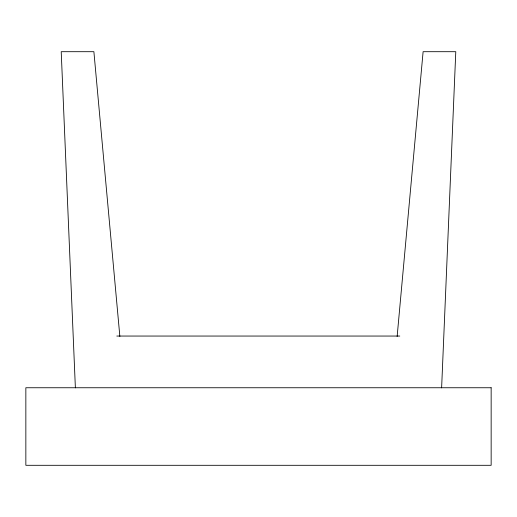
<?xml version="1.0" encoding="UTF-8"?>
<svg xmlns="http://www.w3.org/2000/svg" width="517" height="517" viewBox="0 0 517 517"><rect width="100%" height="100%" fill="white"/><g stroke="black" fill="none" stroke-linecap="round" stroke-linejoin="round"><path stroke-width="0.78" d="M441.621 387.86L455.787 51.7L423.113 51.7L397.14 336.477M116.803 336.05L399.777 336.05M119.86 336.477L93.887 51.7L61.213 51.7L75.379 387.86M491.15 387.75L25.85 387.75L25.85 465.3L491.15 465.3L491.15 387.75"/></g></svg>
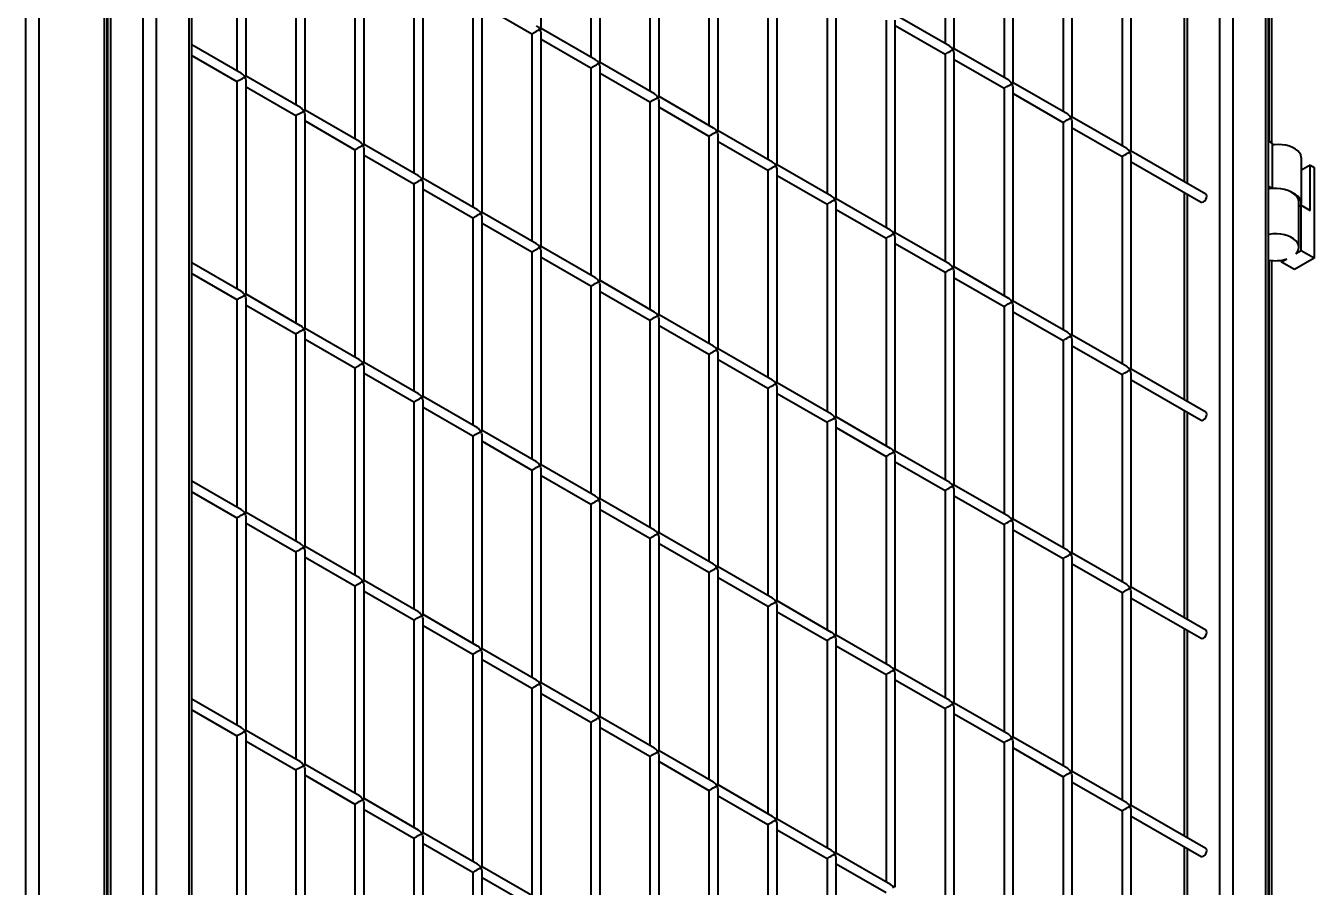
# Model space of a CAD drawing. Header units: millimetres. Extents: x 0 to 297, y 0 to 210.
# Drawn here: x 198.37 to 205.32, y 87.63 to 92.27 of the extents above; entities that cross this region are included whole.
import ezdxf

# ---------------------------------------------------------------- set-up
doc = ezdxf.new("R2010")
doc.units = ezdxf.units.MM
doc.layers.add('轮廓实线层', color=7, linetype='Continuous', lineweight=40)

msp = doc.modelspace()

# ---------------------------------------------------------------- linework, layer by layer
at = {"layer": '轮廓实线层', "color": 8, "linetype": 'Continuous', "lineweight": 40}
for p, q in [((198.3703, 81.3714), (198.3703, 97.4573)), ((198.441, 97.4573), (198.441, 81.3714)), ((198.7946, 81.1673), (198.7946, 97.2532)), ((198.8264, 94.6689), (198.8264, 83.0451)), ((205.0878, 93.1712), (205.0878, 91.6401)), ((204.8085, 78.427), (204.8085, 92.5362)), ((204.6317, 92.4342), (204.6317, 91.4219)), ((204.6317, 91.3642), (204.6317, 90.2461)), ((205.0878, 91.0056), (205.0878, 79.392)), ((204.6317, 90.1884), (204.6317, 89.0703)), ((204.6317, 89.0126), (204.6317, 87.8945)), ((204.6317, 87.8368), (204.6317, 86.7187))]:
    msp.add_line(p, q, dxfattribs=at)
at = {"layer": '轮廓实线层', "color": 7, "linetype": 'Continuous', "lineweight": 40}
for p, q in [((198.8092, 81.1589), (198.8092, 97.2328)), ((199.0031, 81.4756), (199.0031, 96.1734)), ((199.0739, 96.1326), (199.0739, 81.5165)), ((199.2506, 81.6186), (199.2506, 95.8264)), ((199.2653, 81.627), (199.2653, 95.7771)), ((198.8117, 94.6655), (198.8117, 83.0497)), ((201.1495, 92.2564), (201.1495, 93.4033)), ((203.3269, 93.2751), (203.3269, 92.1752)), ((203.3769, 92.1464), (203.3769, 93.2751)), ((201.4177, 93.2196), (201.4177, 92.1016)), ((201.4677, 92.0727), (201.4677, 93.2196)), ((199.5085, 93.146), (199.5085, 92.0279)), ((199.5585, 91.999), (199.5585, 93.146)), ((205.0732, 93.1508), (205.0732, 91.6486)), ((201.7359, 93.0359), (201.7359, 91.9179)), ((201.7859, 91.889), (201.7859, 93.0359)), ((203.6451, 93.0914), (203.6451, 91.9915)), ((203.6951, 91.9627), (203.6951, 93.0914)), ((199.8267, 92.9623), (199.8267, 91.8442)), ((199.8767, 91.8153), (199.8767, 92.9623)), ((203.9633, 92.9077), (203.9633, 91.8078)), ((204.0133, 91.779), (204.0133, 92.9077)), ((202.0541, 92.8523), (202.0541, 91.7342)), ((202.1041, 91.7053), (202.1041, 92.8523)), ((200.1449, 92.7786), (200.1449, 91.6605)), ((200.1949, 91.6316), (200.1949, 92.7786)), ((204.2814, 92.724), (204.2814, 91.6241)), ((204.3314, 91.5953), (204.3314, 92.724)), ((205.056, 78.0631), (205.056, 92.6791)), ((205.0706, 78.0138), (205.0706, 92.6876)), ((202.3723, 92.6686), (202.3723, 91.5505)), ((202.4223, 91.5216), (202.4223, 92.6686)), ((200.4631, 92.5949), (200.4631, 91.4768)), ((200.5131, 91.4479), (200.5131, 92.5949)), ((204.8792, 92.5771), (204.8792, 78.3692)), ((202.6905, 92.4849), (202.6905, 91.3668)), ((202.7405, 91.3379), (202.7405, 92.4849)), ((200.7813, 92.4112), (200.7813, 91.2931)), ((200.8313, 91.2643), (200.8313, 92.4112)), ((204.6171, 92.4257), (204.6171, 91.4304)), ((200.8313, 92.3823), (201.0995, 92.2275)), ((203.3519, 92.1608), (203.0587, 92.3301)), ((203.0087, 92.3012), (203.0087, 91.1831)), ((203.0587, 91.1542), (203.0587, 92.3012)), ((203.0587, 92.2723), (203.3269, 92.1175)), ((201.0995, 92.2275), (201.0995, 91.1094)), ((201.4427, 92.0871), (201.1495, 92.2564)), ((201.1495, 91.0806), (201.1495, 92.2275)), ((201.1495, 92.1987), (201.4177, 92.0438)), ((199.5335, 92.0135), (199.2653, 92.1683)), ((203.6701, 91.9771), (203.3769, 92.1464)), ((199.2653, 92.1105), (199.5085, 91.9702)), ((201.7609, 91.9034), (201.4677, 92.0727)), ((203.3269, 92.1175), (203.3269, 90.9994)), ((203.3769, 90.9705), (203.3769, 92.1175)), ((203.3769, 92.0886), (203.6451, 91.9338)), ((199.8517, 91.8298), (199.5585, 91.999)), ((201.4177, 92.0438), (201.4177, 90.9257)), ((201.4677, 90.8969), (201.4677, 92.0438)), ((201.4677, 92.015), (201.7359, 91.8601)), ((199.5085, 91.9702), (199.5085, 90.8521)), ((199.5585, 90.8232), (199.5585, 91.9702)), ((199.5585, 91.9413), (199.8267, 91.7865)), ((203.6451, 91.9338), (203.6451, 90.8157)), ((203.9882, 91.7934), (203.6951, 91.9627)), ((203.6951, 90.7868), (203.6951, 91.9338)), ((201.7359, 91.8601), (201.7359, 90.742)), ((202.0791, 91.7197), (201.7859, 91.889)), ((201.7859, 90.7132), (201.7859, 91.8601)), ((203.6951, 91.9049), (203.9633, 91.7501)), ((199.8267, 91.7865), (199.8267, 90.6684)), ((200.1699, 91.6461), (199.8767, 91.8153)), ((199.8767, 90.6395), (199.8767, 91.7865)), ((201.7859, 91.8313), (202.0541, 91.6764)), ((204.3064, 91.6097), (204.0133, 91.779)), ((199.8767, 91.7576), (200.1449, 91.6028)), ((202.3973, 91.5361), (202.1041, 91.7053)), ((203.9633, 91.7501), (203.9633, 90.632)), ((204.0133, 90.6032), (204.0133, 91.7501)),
------------------------------------------------------------
▶ [EXERCISE DIRECTIONS]: Looking at the records above, how many of their lines carry the string "units"? Answer with the number and nothing else.

▶ [EXERCISE RESPONSE]: 2